After watching them all tonight, i'm really not botheed who wins, they all seem to have something about them iykwim.  cher may be annoying but she is a performer, rebecca has a stunning voice, matt is great and the young girls seem to love one direction xx


----------



## peacelily (Feb 24, 2006)

Mish3434 said:


> the young girls seem to love one direction xx


Ahem, is it wrong to say I quite like them too (even though I'm twice their age  )?


----------



## MAL. (Mar 19, 2007)

PL

I am with you Mish, I am not bothered who wins either, think they all will end up with some kind of recording contract   

Does anyone know how long it is on for tomorrow?


----------



## professor waffle (Apr 23, 2005)

I jave a feeling one direction may sneak a win but I think matt should win.
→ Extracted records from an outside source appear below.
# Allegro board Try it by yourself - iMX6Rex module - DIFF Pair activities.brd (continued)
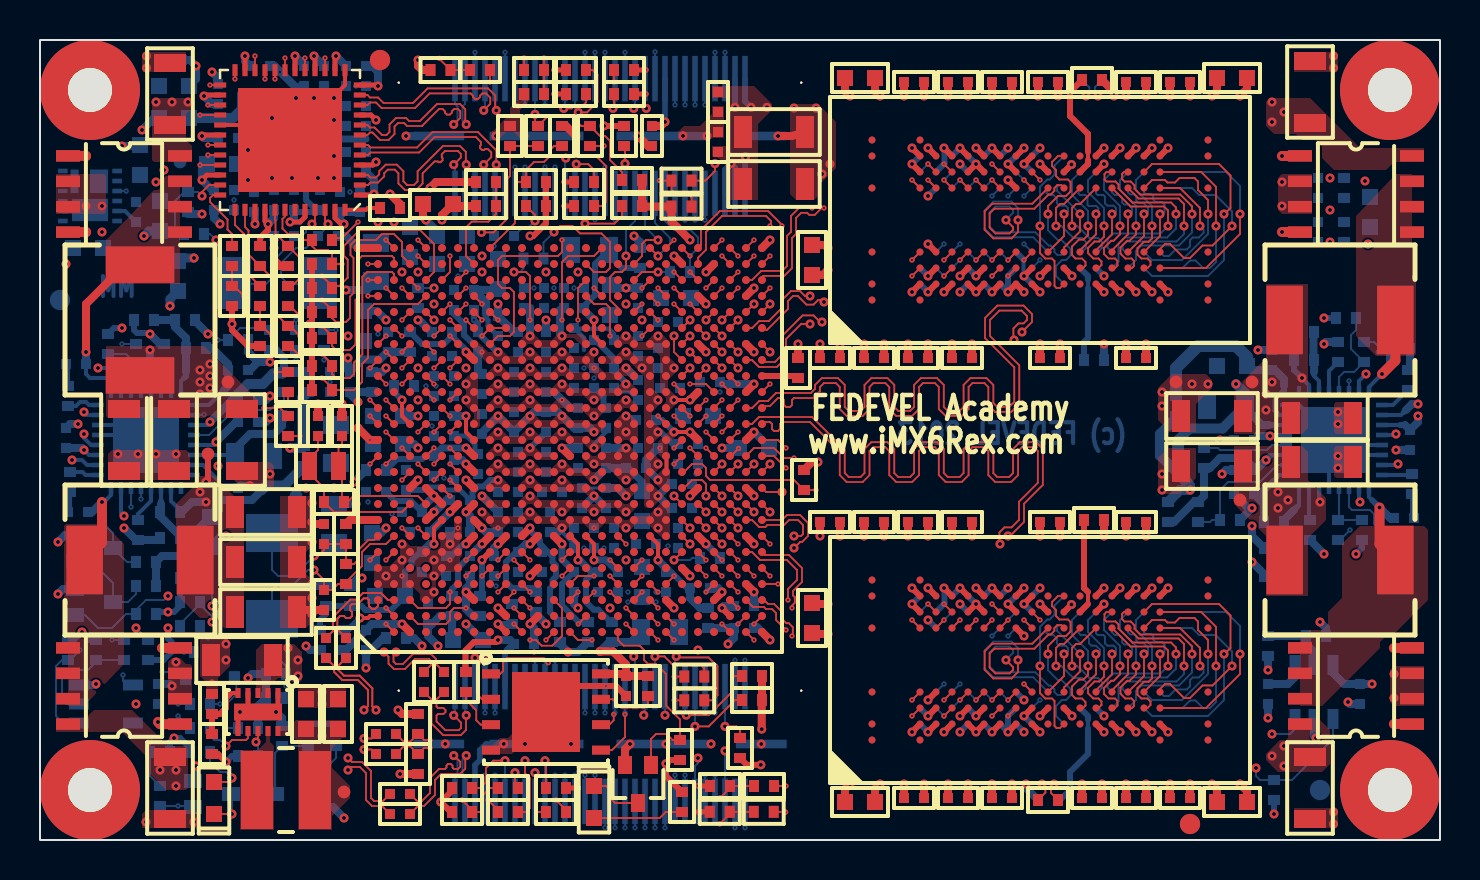
[diagram p0: board, top side]
## Routing (per net, layer and track width the routed paths; a pad name or vN(x,y) marks a point on that pad's centre or on a via; arc(x,y) is an arc through that point) (continued)
SD2_CMD: length 49.7
  L3 w0.08: v4(8.9,6) 8.9,3.27 9.67,2.5 10,2.5 11,1.5 15.5,1.5 15.88,1.12 29.91,1.12 v4(30.25,1.46)
  L10 w0.08: v5(8.9,5.6) v4(8.9,6) 8.9,6.37 8.72,6.54 8.72,9.83 11.12,12.23 11.12,18.46 12.12,19.46 12.12,19.76 12.37,20.01 12.37,22.58 v5(13.8,24) ; v5(30.25,1.02) v4(30.25,1.46)
  L11 w0.1: v5(13.8,24) v6(14.2,24) ; v5(8.9,5.6) v6(9.3,5.6) ; v6(30.25,0.62) v5(30.25,1.02)
  BOTTOM w0.093: v6(30.25,0.62) J2.21 ; v6(14.2,24) R52.2 ; v6(9.3,5.6) R41.1
SD2_CMD_R: length 8.6
  TOP w0.093: v2(20.5,25.2) U1.F19
  L2 w0.1: v3(20.9,25) 20.7,25 v2(20.5,25.2)
  L3 w0.08: v3(20.9,25) 20.7,25.2 v4(20.7,25.4)
  L10 w0.08: v5(14.8,25.9) 16.8,25.9 17.1,25.6 20.5,25.6 v4(20.7,25.4)
  L11 w0.1: v6(14.8,25.5) v5(14.8,25.9)
  BOTTOM w0.093: R52.1 v6(14.8,25.5)
SD2_DATA0: length 56.9
  TOP w0.093: v4(16.4,27.2) U1.A22
  L2 w0.1: v4(16.4,27.2) v3(16.8,27.2)
  L3 w0.08: v4(16.4,27.2) v3(16.8,27.2) ; v4(29.19,6.18) 28.74,6.18 28.38,5.82 27.86,5.82 27.38,6.3 26.46,6.3 26.06,6.7 22.85,6.7 21.95,7.6 19.53,7.6 18.63,8.5 17.02,8.5 16.74,8.23 16.14,8.23 15.92,8.44 15.92,8.98 14.5,10.4 12.2,10.4 10.67,8.87 10.4,8.87 10.25,9.02 10.25,9.2 10.1,9.35 9.85,9.35 9.7,9.2 9.7,8.7 9.45,8.45 8.6,8.45 8.45,8.6 8.45,8.85 8.6,9 8.75,9 8.9,9.15 8.9,9.4 8.75,9.55 8.6,9.55 8.45,9.7 8.45,9.95 8.6,10.1 9,10.1 9.4,10.5 v4(9.4,11.1)
  L10 w0.08: v4(9.4,11.1) 9.2,11.3 8.4,11.3 8.22,11.48 8.22,11.86 8.47,12.1 8.7,12.1 8.92,12.33 8.92,12.76 9.65,13.48 9.65,14.74 9.9,14.99 9.9,15.48 9.62,15.76 9.62,18.89 10.62,19.89 10.62,24.36 10.85,24.58 10.85,25.25 12.7,27.1 14.18,27.1 14.33,27.25 14.33,27.6 14.48,27.75 14.73,27.75 14.88,27.6 14.88,27.25 15.01,27.13 15.57,27.13 15.7,27.25 15.7,27.6 15.85,27.75 16.1,27.75 16.25,27.6 16.25,27.35 v4(16.4,27.2) ; v5(29.25,6.76) 29.25,6.24 v4(29.19,6.18)
  L11 w0.1: v6(29.25,6.36) v5(29.25,6.76)
  BOTTOM w0.093: v6(29.25,6.36) J2.26
SD2_DATA1: length 57
  TOP w0.093: v2(19.7,25.2) U1.E20
  L2 w0.1: v2(19.7,25.2) v3(20,24.9)
  L3 w0.08: v3(20,24.9) v4(20.3,24.6) ; v4(29.7,2) 29.7,1.6 29.6,1.5 29.38,1.5 29.01,1.88 28.66,1.88 28.38,1.6 25.53,1.6 25.23,1.9 22.97,1.9 22.78,1.72 20.8,1.72 20.22,2.3 19.87,2.3 19.33,1.77 16.13,1.77 15.9,2 13.1,2 12.9,2.2 12.9,2.5 13.1,2.7 13.1,2.9 12.9,3.1 12.4,3.1 12.2,3.3 12.2,3.6 12.4,3.8 12.4,4.4 12.25,4.55 11.45,4.55 11.3,4.7 11.3,4.95 11.45,5.1 12.1,5.1 v4(12.2,5)
  L10 w0.08: v4(20.3,24.6) 20.3,25.1 20.15,25.25 19.6,25.25 19.45,25.1 19.45,24.47 19.7,24.22 19.97,24.22 20.12,24.08 20.12,23.43 19.92,23.22 16.23,23.22 15.7,22.7 15.47,22.7 14.7,21.93 14.7,21.18 14.32,20.8 14.32,18.84 13.67,18.19 13.67,17.38 13.52,17.23 13.37,17.23 13.22,17.08 13.22,16.51 13.02,16.31 13.02,11.32 11.21,9.5 11.21,7.92 12.42,6.71 12.42,6.05 12.6,5.88 12.6,5.2 12.4,5 v4(12.2,5) ; v5(29.75,1.02) 29.75,1.95 v4(29.7,2)
  L11 w0.1: v6(29.75,0.62) v5(29.75,1.02)
  BOTTOM w0.093: v6(29.75,0.62) J2.23
SD2_DATA2: length 57.1
  TOP w0.093: v4(16.4,28) U1.A23
  L2 w0.1: v4(16.4,28) v3(16.8,28)
  L3 w0.08: v4(28.75,5.62) 27.78,5.62 27.35,6.05 26.37,6.05 25.97,6.45 22.77,6.45 21.87,7.35 19.44,7.35 18.49,8.3 17.1,8.3 16.82,8.03 16.06,8.03 15.67,8.41 15.67,8.82 14.37,10.13 12.39,10.13 10.77,8.5 10.1,8.5 9.88,8.28 9.88,8.08 9.72,7.93 9.47,7.93 9.17,8.23 8.92,8.23 8.62,7.93 8.37,7.93 8.12,8.17 8.12,10.23 8.37,10.48 8.82,10.48 8.97,10.63 8.97,11.86 8.43,12.4 8.3,12.4 v4(8.3,12.5) ; v4(16.4,28) v3(16.8,28)
  L10 w0.08: 8.3,12.41 8.3,12.4 ; 8.3,12.41 9.4,13.51 9.4,14.77 9.7,15.07 9.7,15.4 9.37,15.73 9.37,18.98 10.37,19.98 10.37,24.49 10.6,24.72 10.6,25.38 13.07,27.85 13.4,27.85 13.55,27.7 13.55,27.48 13.7,27.33 13.95,27.33 14.1,27.48 14.1,28.3 14.25,28.45 14.6,28.45 14.75,28.3 14.75,28.08 14.9,27.93 15.15,27.93 15.3,28.08 15.3,28.3 15.45,28.45 15.7,28.45 16.15,28 v4(16.4,28) ; 8.3,12.41 v4(8.3,12.5) ; v4(28.75,5.62) v5(28.75,6.76)
  L11 w0.1: v6(28.75,6.36) v5(28.75,6.76)
  BOTTOM w0.093: v6(28.75,6.36) J2.28
SD2_DATA3: length 56.9
  TOP w0.093: v2(17.3,27.6) U1.B22
  L2 w0.1: v2(17.3,27.6) v3(17.6,27.3)
  L3 w0.08: v4(28.9,2.4) 27.8,2.4 27.4,2 25.8,2 25.4,2.4 22.8,2.4 22.52,2.12 20.98,2.12 20.4,2.7 19.7,2.7 19.26,2.27 16.22,2.27 16.08,2.4 14.3,2.4 13,3.7 v4(13,3.9) ; v3(17.6,27.3) v4(18,27.3)
  L10 w0.08: v4(13,3.9) 12.88,4.02 12.88,5.99 12.67,6.19 12.67,6.79 11.42,8.04 11.42,9.44 13.22,11.24 13.22,16.23 13.42,16.42 13.7,16.42 13.97,16.69 13.97,17.01 13.9,17.08 13.9,18.14 14.52,18.76 14.52,20.6 15.52,21.6 15.52,22.06 16.47,23 19.98,23 20.21,23.22 20.66,23.22 20.9,23.47 20.9,24.59 21.37,25.06 21.37,25.73 19.87,27.22 19.47,27.22 19.3,27.4 19.3,27.8 19.1,28 17.9,28 17.7,27.8 17.7,27.6 v4(18,27.3) ; v5(29.25,1.02) 29.25,2.05 v4(28.9,2.4)
  L11 w0.1: v6(29.25,0.62) v5(29.25,1.02)
  BOTTOM w0.093: v6(29.25,0.62) J2.25
SD2_DATA4: length 56.9
  TOP w0.093: U1.A19 v2(17.3,25.2)
  L2 w0.1: v3(16.9,25.2) v2(17.3,25.2)
  L3 w0.08: v4(16.6,25.5) v3(16.9,25.2) ; v4(9.5,12.8) 9,12.8 8.85,12.65 8.85,12.4 9,12.25 9.35,12.25 9.5,12.1 9.5,11.7 9.8,11.4 9.8,10.1 9.95,9.95 10.2,9.95 10.35,10.1 10.35,10.35 10.5,10.5 10.75,10.5 10.9,10.35 10.9,10.1 11.05,9.95 11.3,9.95 12,10.65 14.68,10.65 16.36,8.98 16.46,8.98 16.73,8.7 19.21,8.7 19.36,8.55 19.36,8.1 19.51,7.95 19.76,7.95 19.91,8.1 19.91,8.55 20.06,8.7 20.31,8.7 20.46,8.55 20.46,8.1 20.71,7.85 22.03,7.85 22.93,6.95 26.13,6.95 26.53,6.55 27.56,6.55 27.9,6.22 v4(28.25,6.22)
  L10 w0.08: v4(16.6,25.5) 16.52,25.58 15.18,25.58 14.65,25.05 14.65,24.93 14.5,24.78 14.25,24.78 14.1,24.93 14.1,25.3 13.95,25.45 13.7,25.45 13.55,25.3 13.55,24.93 13.4,24.78 13.15,24.78 13,24.93 13,25.73 12.85,25.87 12.6,25.87 12.45,25.73 12.45,23.9 12.3,23.75 12.05,23.75 11.9,23.9 11.9,24.9 11.75,25.05 11.5,25.05 11.35,24.9 11.35,24.28 11.12,24.06 11.12,19.73 10.12,18.73 10.12,15.88 10.3,15.7 10.3,14.82 10.12,14.65 10.12,12.68 10.3,12.5 10.3,11.77 10.06,11.52 9.74,11.52 9.5,11.77 v4(9.5,12.8) ; v4(28.25,6.22) v5(28.25,6.76)
  L11 w0.1: v6(28.25,6.36) v5(28.25,6.76)
  BOTTOM w0.093: v6(28.25,6.36) J2.30
SD2_DATA5: length 57
  TOP w0.093: v2(17.3,24.4) U1.B18
  L2 w0.1: v3(17,24.1) v2(17.3,24.4)
  L3 w0.08: v4(16.6,24.1) v3(17,24.1) ; v4(11.5,5.6) 11.5,5.5 11.25,5.25 11.05,5.25 10.55,5.75 10.1,5.75 9.95,5.6 9.95,5.35 10.25,5.05 10.25,4.8 9.95,4.5 9.95,4.25 10.1,4.1 10.69,4.1 10.89,4.3 11.8,4.3 11.97,4.13 11.97,3.62 11.8,3.45 10.15,3.45 10,3.3 10,3.05 10.15,2.9 12.55,2.9 12.7,2.75 12.7,2.5 12.55,2.35 11.3,2.35 11.15,2.2 11.15,1.95 11.3,1.8 15.8,1.8 16.08,1.52 22.92,1.52 23.05,1.65 25.15,1.65 25.4,1.4 28.75,1.4 v4(28.85,1.5)
  L10 w0.08: v4(11.5,5.6) 11.5,6.13 11.42,6.2 11.42,7.03 10.77,7.68 10.77,9.68 12.62,11.52 12.62,16.53 12.72,16.63 12.72,17.84 13.92,19.03 13.92,21.12 14.3,21.5 14.3,22.1 15.3,23.1 15.53,23.1 16.1,23.67 16.47,23.67 16.6,23.8 v4(16.6,24.1) ; v5(28.75,1.02) 28.75,1.4 v4(28.85,1.5)
  L11 w0.1: v6(28.75,0.62) v5(28.75,1.02)
  BOTTOM w0.093: v6(28.75,0.62) J2.27
SD2_DATA6: length 56.9
  TOP w0.093: U1.E17 v2(20.5,22.8)
  L2 w0.1: v2(20.5,22.8) v3(20.8,23.1)
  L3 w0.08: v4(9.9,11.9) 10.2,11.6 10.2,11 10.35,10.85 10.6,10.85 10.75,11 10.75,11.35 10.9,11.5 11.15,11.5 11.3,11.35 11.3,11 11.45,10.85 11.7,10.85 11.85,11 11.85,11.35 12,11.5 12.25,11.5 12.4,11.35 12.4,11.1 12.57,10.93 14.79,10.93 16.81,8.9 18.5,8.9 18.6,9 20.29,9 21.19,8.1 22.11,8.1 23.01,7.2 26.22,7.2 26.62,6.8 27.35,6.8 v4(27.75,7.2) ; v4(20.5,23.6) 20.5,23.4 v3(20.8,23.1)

I agree they will allrecord deals ou of it I'm sure


----------



## peacelily (Feb 24, 2006)

Mal - it's on from 7.30-9.30pm tonight


----------



## MAL. (Mar 19, 2007)

Thank you PL    LO up to bed a bit early tonight then   

I was just thinking, I don't think I could handle Simons smugness if One Direction won, can you imagine     

Did anyone else think Rhinanna and Christina were a bit erm rauncy for the time it was on? I thought it could of me being a miserable old bag again and just jealous as I just look like a bag lady at the moment


----------



## peacelily (Feb 24, 2006)

✿ MAL✿ said:


> Did anyone else think Rhinanna and Christina were a bit erm rauncy for the time it was on?


I know my DH certainly enjoyed it! My  could never look like Rhianna's, I'm far too scrawny


----------



## TwiceBlessed (Nov 8, 2006)




----------



## Frenchy74 (Sep 28, 2008)

Anyone watching xtra faxtor? Konnie has just revealed that Matt was the winner of every single live show!! i am really pleased he has won though i think we can expect that one direction and Rebecca will also get a contract, which i think they deserve. 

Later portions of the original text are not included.